**PROVIDED MATERIAL:**

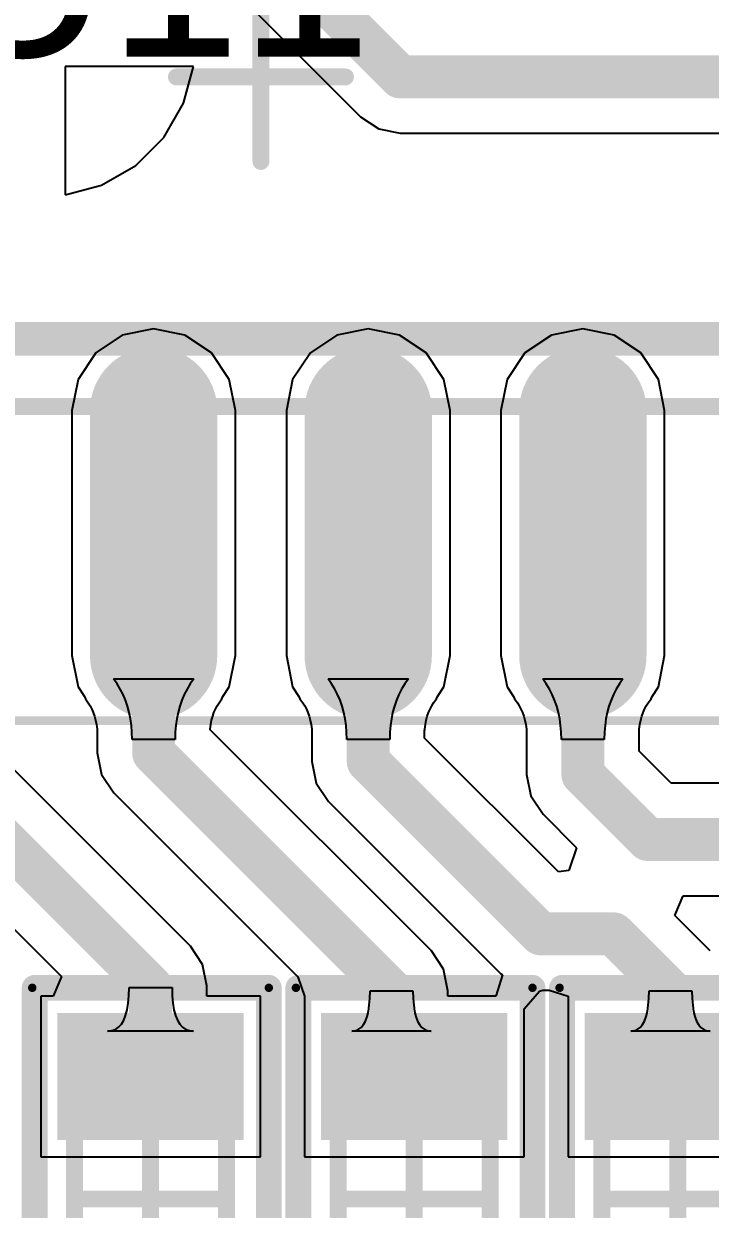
# Model space of a CAD drawing. Header units: inches. Extents: x 1.37 to 4.6, y 1.74 to 5.29.
# Drawn here: x 2.0623 to 2.2223, y 2.2091 to 2.4853 of the extents above; entities that cross this region are included whole.
import ezdxf

# ---------------------------------------------------------------- set-up
doc = ezdxf.new("R2010")
doc.units = ezdxf.units.IN
doc.header["$MEASUREMENT"] = 0
for name, color, linetype in [('BottomLayer', 5, 'Continuous'), ('Mechanical13', 56, 'Continuous'), ('Mechanical15', 56, 'Continuous'), ('TopLayer', 1, 'Continuous'), ('TopOverlay', 2, 'Continuous'), ('TopPaste', 8, 'Continuous'), ('TopSolder', 216, 'Continuous')]:
    doc.layers.add(name, color=color, linetype=linetype)
doc.styles.add('Arial', font='', dxfattribs={"height": 0.2})
doc.styles.get('Arial').set_extended_font_data('Arial')

# ---------------------------------------------------------------- blocks, each defined once
blk = doc.blocks.new('SOP_16_17')
at = {"layer": 'TopLayer'}
h = blk.add_hatch(color=1, dxfattribs=at)
edge = h.paths.add_edge_path()
edge.add_arc((-0.07776, 0.025), 0.01083, 270, 450)
edge.add_line((-0.07776, 0.03583), (-0.13484, 0.03583))
edge.add_arc((-0.13484, 0.025), 0.01083, 90, 270)
edge.add_line((-0.13484, 0.01417), (-0.07776, 0.01417))
h = blk.add_hatch(color=1, dxfattribs=at)
edge = h.paths.add_edge_path()
edge.add_arc((-0.07776, -0.025), 0.01083, 270, 450)
edge.add_line((-0.07776, -0.01417), (-0.13484, -0.01417))
edge.add_arc((-0.13484, -0.025), 0.01083, 90, 270)
edge.add_line((-0.13484, -0.03583), (-0.07776, -0.03583))
h = blk.add_hatch(color=1, dxfattribs=at)
edge = h.paths.add_edge_path()
edge.add_arc((-0.07776, -0.075), 0.01083, 270, 450)
edge.add_line((-0.07776, -0.06417), (-0.13484, -0.06417))
edge.add_arc((-0.13484, -0.075), 0.01083, 90, 270)
edge.add_line((-0.13484, -0.08583), (-0.07776, -0.08583))
at = {"layer": 'TopPaste'}
h = blk.add_hatch(color=8, dxfattribs=at)
edge = h.paths.add_edge_path()
edge.add_arc((-0.07776, 0.025), 0.01083, 270, 450)
edge.add_line((-0.07776, 0.03583), (-0.13484, 0.03583))
edge.add_arc((-0.13484, 0.025), 0.01083, 90, 270)
edge.add_line((-0.13484, 0.01417), (-0.07776, 0.01417))
h = blk.add_hatch(color=8, dxfattribs=at)
edge = h.paths.add_edge_path()
edge.add_arc((-0.07776, -0.025), 0.01083, 270, 450)
edge.add_line((-0.07776, -0.01417), (-0.13484, -0.01417))
edge.add_arc((-0.13484, -0.025), 0.01083, 90, 270)
edge.add_line((-0.13484, -0.03583), (-0.07776, -0.03583))
h = blk.add_hatch(color=8, dxfattribs=at)
edge = h.paths.add_edge_path()
edge.add_arc((-0.07776, -0.075), 0.01083, 270, 450)
edge.add_line((-0.07776, -0.06417), (-0.13484, -0.06417))
edge.add_arc((-0.13484, -0.075), 0.01083, 90, 270)
edge.add_line((-0.13484, -0.08583), (-0.07776, -0.08583))
at = {"layer": 'TopSolder'}
h = blk.add_hatch(color=216, dxfattribs=at)
edge = h.paths.add_edge_path()
edge.add_arc((-0.07776, 0.025), 0.01483, 270, 450)
edge.add_line((-0.07776, 0.03983), (-0.13484, 0.03983))
edge.add_arc((-0.13484, 0.025), 0.01483, 90, 270)
edge.add_line((-0.13484, 0.01017), (-0.07776, 0.01017))
h = blk.add_hatch(color=216, dxfattribs=at)
edge = h.paths.add_edge_path()
edge.add_arc((-0.07776, -0.025), 0.01483, 270, 450)
edge.add_line((-0.07776, -0.01017), (-0.13484, -0.01017))
edge.add_arc((-0.13484, -0.025), 0.01483, 90, 270)
edge.add_line((-0.13484, -0.03983), (-0.07776, -0.03983))
h = blk.add_hatch(color=216, dxfattribs=at)
edge = h.paths.add_edge_path()
edge.add_arc((-0.07776, -0.075), 0.01483, 270, 450)
edge.add_line((-0.07776, -0.06017), (-0.13484, -0.06017))
edge.add_arc((-0.13484, -0.075), 0.01483, 90, 270)
edge.add_line((-0.13484, -0.08983), (-0.07776, -0.08983))
at = {"layer": 'Mechanical13', "const_width": 0.00394}
blk.add_lwpolyline([(-0.07677, 0.19488), (-0.07677, -0.19488)], dxfattribs=at)
at = {"layer": 'Mechanical15'}
for points, const_width in [([(-0.15, 0.20472), (-0.15, -0.20472)], 0.00197), ([(0, 0.01969), (0, -0.01969)], 0.00394), ([(-0.01969, 0), (0.01969, 0)], 0.00394)]:
    blk.add_lwpolyline(points, dxfattribs=dict(at, const_width=const_width))
at = {"layer": 'Mechanical15', "const_width": 0.00197}
for points in [[(-0.00098, 0.01969, 1), (0.00098, 0.01969, 1)], [(-0.02067, 0, 1), (-0.0187, 0, 1)], [(-0.00098, -0.01969, 1), (0.00098, -0.01969, 1)]]:
    blk.add_lwpolyline(points, format="xyb", close=True, dxfattribs=at)
at = {"layer": 'TopOverlay', "const_width": 0.00787}
blk.add_lwpolyline([(-0.06102, 0.19488), (-0.06102, -0.19488)], dxfattribs=at)
blk = doc.blocks.new('_________0603_42')
at = {"layer": 'TopLayer'}
for points in [[(-0.03937, -0.01772), (-0.03937, 0.01772), (-0.01772, 0.01772), (-0.01772, -0.01772)], [(0.01772, -0.01772), (0.01772, 0.01772), (0.03937, 0.01772), (0.03937, -0.01772)]]:
    blk.add_hatch(color=1, dxfattribs=at).paths.add_polyline_path(points)
at = {"layer": 'TopPaste'}
for points in [[(-0.03937, -0.01772), (-0.03937, 0.01772), (-0.01772, 0.01772), (-0.01772, -0.01772)], [(0.01772, -0.01772), (0.01772, 0.01772), (0.03937, 0.01772), (0.03937, -0.01772)]]:
    blk.add_hatch(color=8, dxfattribs=at).paths.add_polyline_path(points)
at = {"layer": 'TopSolder'}
for points in [[(-0.04337, -0.02172), (-0.04337, 0.02172), (-0.01372, 0.02172), (-0.01372, -0.02172)], [(0.01372, -0.02172), (0.01372, 0.02172), (0.04337, 0.02172), (0.04337, -0.02172)]]:
    blk.add_hatch(color=216, dxfattribs=at).paths.add_polyline_path(points)
at = {"layer": 'Mechanical13', "const_width": 0.00394}
for points in [[(-0.0315, -0.01772), (-0.0315, 0.01772)], [(0.0315, 0.01772), (-0.0315, 0.01772)], [(0.0315, -0.01772), (0.0315, 0.01772)], [(0.0315, -0.01772), (-0.0315, -0.01772)]]:
    blk.add_lwpolyline(points, dxfattribs=at)
at = {"layer": 'Mechanical13', "const_width": 0.00197}
for points in [[(-0.03248, 0.01772, 1), (-0.03051, 0.01772, 1)], [(-0.03248, 0.01772, 1), (-0.03051, 0.01772, 1)], [(0.03051, 0.01772, 1), (0.03248, 0.01772, 1)], [(0.03051, 0.01772, 1), (0.03248, 0.01772, 1)], [(-0.03248, -0.01772, 1), (-0.03051, -0.01772, 1)], [(-0.03248, -0.01772, 1), (-0.03051, -0.01772, 1)], [(0.03051, -0.01772, 1), (0.03248, -0.01772, 1)], [(0.03051, -0.01772, 1), (0.03248, -0.01772, 1)]]:
    blk.add_lwpolyline(points, format="xyb", close=True, dxfattribs=at)
at = {"layer": 'Mechanical15'}
for points, const_width in [([(-0.04921, -0.02756), (-0.04921, 0.02756)], 0.00197), ([(0.04921, 0.02756), (-0.04921, 0.02756)], 0.00197), ([(0.04921, -0.02756), (0.04921, 0.02756)], 0.00197), ([(0, -0.01772), (0, 0.01772)], 0.00394), ([(0.01772, 0), (-0.01772, 0)], 0.00394), ([(0.04921, -0.02756), (-0.04921, -0.02756)], 0.00197)]:
    blk.add_lwpolyline(points, dxfattribs=dict(at, const_width=const_width))
for points, const_width in [([(-0.0497, 0.02756, 1), (-0.04872, 0.02756, 1)], 0.000984), ([(-0.0497, 0.02756, 1), (-0.04872, 0.02756, 1)], 0.000984), ([(0.04872, 0.02756, 1), (0.0497, 0.02756, 1)], 0.000984), ([(0.04872, 0.02756, 1), (0.0497, 0.02756, 1)], 0.000984), ([(-0.00098, 0.01772, 1), (0.00098, 0.01772, 1)], 0.00197), ([(-0.0187, 0, 1), (-0.01673, 0, 1)], 0.00197), ([(0.01673, 0, 1), (0.0187, 0, 1)], 0.00197), ([(-0.00098, -0.01772, 1), (0.00098, -0.01772, 1)], 0.00197), ([(-0.0497, -0.02756, 1), (-0.04872, -0.02756, 1)], 0.000984), ([(-0.0497, -0.02756, 1), (-0.04872, -0.02756, 1)], 0.000984), ([(0.04872, -0.02756, 1), (0.0497, -0.02756, 1)], 0.000984), ([(0.04872, -0.02756, 1), (0.0497, -0.02756, 1)], 0.000984)]:
    blk.add_lwpolyline(points, format="xyb", close=True, dxfattribs=dict(at, const_width=const_width))
at = {"layer": 'TopOverlay', "const_width": 0.006}
for points in [[(-0.04921, -0.027), (-0.04921, 0.02756)], [(0.049, 0.02756), (-0.04921, 0.02756)], [(0.049, -0.027), (0.049, 0.02756)], [(0.049, -0.027), (-0.04921, -0.027)]]:
    blk.add_lwpolyline(points, dxfattribs=at)
at = {"layer": 'TopOverlay', "const_width": 0.003}
for points in [[(-0.05071, 0.02756, 1), (-0.04771, 0.02756, 1)], [(-0.05071, 0.02756, 1), (-0.04771, 0.02756, 1)], [(0.0475, 0.02756, 1), (0.0505, 0.02756, 1)], [(0.0475, 0.02756, 1), (0.0505, 0.02756, 1)], [(-0.05071, -0.027, 1), (-0.04771, -0.027, 1)], [(-0.05071, -0.027, 1), (-0.04771, -0.027, 1)], [(0.0475, -0.027, 1), (0.0505, -0.027, 1)], [(0.0475, -0.027, 1), (0.0505, -0.027, 1)]]:
    blk.add_lwpolyline(points, format="xyb", close=True, dxfattribs=at)
blk = doc.blocks.new('_________0603_44')
at = {"layer": 'TopLayer'}
for points in [[(-0.03937, -0.01772), (-0.03937, 0.01772), (-0.01772, 0.01772), (-0.01772, -0.01772)], [(0.01772, -0.01772), (0.01772, 0.01772), (0.03937, 0.01772), (0.03937, -0.01772)]]:
    blk.add_hatch(color=1, dxfattribs=at).paths.add_polyline_path(points)
at = {"layer": 'TopPaste'}
for points in [[(-0.03937, -0.01772), (-0.03937, 0.01772), (-0.01772, 0.01772), (-0.01772, -0.01772)], [(0.01772, -0.01772), (0.01772, 0.01772), (0.03937, 0.01772), (0.03937, -0.01772)]]:
    blk.add_hatch(color=8, dxfattribs=at).paths.add_polyline_path(points)
at = {"layer": 'TopSolder'}
for points in [[(-0.04337, -0.02172), (-0.04337, 0.02172), (-0.01372, 0.02172), (-0.01372, -0.02172)], [(0.01372, -0.02172), (0.01372, 0.02172), (0.04337, 0.02172), (0.04337, -0.02172)]]:
    blk.add_hatch(color=216, dxfattribs=at).paths.add_polyline_path(points)
at = {"layer": 'Mechanical13', "const_width": 0.00394}
for points in [[(-0.0315, -0.01772), (-0.0315, 0.01772)], [(0.0315, 0.01772), (-0.0315, 0.01772)], [(0.0315, -0.01772), (0.0315, 0.01772)], [(0.0315, -0.01772), (-0.0315, -0.01772)]]:
    blk.add_lwpolyline(points, dxfattribs=at)
at = {"layer": 'Mechanical13', "const_width": 0.00197}
for points in [[(-0.03248, 0.01772, 1), (-0.03051, 0.01772, 1)], [(-0.03248, 0.01772, 1), (-0.03051, 0.01772, 1)], [(0.03051, 0.01772, 1), (0.03248, 0.01772, 1)], [(0.03051, 0.01772, 1), (0.03248, 0.01772, 1)], [(-0.03248, -0.01772, 1), (-0.03051, -0.01772, 1)], [(-0.03248, -0.01772, 1), (-0.03051, -0.01772, 1)], [(0.03051, -0.01772, 1), (0.03248, -0.01772, 1)], [(0.03051, -0.01772, 1), (0.03248, -0.01772, 1)]]:
    blk.add_lwpolyline(points, format="xyb", close=True, dxfattribs=at)
at = {"layer": 'Mechanical15'}
for points, const_width in [([(-0.04921, -0.02756), (-0.04921, 0.02756)], 0.00197), ([(0.04921, 0.02756), (-0.04921, 0.02756)], 0.00197), ([(0.04921, -0.02756), (0.04921, 0.02756)], 0.00197), ([(0, -0.01772), (0, 0.01772)], 0.00394), ([(0.01772, 0), (-0.01772, 0)], 0.00394), ([(0.04921, -0.02756), (-0.04921, -0.02756)], 0.00197)]:
    blk.add_lwpolyline(points, dxfattribs=dict(at, const_width=const_width))
for points, const_width in [([(-0.0497, 0.02756, 1), (-0.04872, 0.02756, 1)], 0.000984), ([(-0.0497, 0.02756, 1), (-0.04872, 0.02756, 1)], 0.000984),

**WHAT TO WORK ON:** Please find every line in the listing that holds the string "name" and copy it.

**RESPONSE:**
for name, color, linetype in [('BottomLayer', 5, 'Continuous'), ('Mechanical13', 56, 'Continuous'), ('Mechanical15', 56, 'Continuous'), ('TopLayer', 1, 'Continuous'), ('TopOverlay', 2, 'Continuous'), ('TopPaste', 8, 'Continuous'), ('TopSolder', 216, 'Continuous')]:
    doc.layers.add(name, color=color, linetype=linetype)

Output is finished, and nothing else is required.